[Extracted data entries]
----------

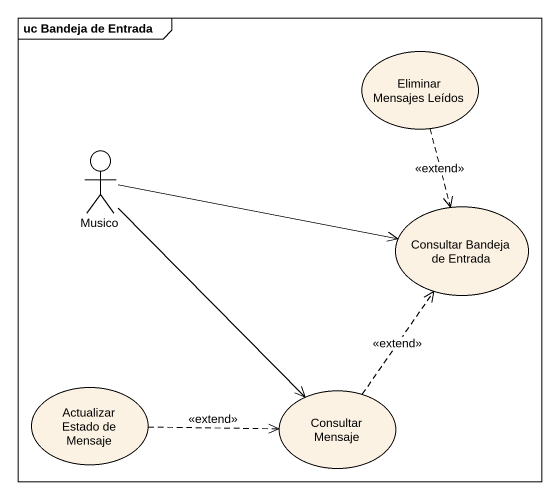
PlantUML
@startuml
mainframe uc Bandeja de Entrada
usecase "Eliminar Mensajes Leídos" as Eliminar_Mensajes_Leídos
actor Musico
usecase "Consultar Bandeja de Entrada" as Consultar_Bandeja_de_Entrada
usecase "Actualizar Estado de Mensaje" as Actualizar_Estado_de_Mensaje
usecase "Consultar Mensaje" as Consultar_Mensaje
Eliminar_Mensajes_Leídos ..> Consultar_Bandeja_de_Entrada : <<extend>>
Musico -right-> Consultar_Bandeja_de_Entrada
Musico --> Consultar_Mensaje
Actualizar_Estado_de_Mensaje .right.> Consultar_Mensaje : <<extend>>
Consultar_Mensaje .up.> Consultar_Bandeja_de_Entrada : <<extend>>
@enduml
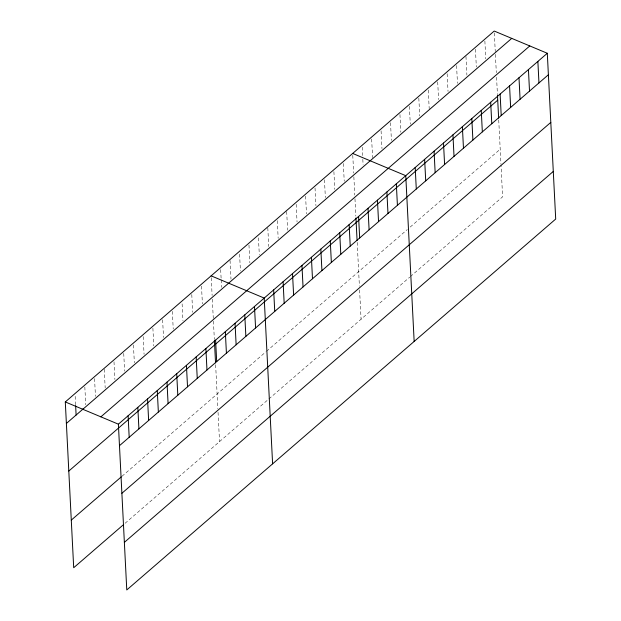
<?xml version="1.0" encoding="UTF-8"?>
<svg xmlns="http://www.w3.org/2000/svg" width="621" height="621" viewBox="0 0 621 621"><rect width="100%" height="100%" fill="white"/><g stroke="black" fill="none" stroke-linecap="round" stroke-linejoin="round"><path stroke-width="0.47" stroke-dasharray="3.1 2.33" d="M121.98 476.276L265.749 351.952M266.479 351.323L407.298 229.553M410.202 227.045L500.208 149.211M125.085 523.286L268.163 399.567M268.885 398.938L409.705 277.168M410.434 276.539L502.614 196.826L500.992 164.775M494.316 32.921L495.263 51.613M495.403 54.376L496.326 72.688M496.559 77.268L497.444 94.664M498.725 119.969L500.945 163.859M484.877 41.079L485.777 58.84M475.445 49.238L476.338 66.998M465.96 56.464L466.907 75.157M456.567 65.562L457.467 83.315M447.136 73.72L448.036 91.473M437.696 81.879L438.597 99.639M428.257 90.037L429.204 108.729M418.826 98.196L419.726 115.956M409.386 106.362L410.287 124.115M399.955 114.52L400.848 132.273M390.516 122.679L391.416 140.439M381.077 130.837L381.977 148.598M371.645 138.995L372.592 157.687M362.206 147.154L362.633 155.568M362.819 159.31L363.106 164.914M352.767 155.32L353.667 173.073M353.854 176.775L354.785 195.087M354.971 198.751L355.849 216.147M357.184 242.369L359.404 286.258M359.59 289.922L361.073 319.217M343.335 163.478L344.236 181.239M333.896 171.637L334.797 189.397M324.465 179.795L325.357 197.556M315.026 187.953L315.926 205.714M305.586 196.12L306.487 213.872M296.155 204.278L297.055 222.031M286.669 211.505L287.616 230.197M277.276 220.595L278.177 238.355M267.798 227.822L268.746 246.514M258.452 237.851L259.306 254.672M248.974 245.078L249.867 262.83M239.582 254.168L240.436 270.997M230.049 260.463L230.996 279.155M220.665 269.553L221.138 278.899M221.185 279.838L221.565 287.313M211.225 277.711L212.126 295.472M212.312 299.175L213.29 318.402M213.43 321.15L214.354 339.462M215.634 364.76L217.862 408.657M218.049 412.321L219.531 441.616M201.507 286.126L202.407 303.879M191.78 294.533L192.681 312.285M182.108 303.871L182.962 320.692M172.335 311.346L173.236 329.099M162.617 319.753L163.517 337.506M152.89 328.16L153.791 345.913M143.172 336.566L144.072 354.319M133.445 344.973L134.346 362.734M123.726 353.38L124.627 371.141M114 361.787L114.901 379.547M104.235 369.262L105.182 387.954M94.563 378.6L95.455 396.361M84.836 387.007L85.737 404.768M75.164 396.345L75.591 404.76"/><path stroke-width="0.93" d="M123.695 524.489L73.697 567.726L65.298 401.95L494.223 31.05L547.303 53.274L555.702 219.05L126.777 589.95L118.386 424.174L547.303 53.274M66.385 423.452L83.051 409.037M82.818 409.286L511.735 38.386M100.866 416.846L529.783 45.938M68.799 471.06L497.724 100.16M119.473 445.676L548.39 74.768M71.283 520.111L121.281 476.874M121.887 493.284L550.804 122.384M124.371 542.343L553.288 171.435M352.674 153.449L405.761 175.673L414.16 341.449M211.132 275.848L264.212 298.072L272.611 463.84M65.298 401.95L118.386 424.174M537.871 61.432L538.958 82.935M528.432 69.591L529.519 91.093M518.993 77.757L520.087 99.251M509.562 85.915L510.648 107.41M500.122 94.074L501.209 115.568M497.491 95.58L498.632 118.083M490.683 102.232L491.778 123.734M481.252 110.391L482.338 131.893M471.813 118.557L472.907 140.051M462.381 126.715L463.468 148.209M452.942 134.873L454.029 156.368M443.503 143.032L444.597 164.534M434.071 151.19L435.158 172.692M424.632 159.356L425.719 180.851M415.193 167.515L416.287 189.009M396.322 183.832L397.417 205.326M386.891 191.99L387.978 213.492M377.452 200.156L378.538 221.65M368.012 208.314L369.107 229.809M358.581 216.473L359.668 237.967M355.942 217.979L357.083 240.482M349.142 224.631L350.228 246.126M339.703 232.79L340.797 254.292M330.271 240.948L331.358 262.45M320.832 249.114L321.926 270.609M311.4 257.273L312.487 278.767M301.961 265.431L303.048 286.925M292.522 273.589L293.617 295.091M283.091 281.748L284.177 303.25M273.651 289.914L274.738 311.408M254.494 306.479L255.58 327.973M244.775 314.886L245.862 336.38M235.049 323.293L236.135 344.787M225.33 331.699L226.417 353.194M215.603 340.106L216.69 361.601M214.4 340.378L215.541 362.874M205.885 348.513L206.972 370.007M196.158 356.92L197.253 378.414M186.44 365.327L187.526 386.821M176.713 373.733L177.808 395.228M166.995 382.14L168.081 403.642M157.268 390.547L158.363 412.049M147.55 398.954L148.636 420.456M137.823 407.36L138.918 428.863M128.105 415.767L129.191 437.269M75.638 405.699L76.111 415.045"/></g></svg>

----------

== Your task ==
All lines above that contain "extend" are required in the answer.

== Solution ==
Eliminar_Mensajes_Leídos ..> Consultar_Bandeja_de_Entrada : <<extend>>
Actualizar_Estado_de_Mensaje .right.> Consultar_Mensaje : <<extend>>
Consultar_Mensaje .up.> Consultar_Bandeja_de_Entrada : <<extend>>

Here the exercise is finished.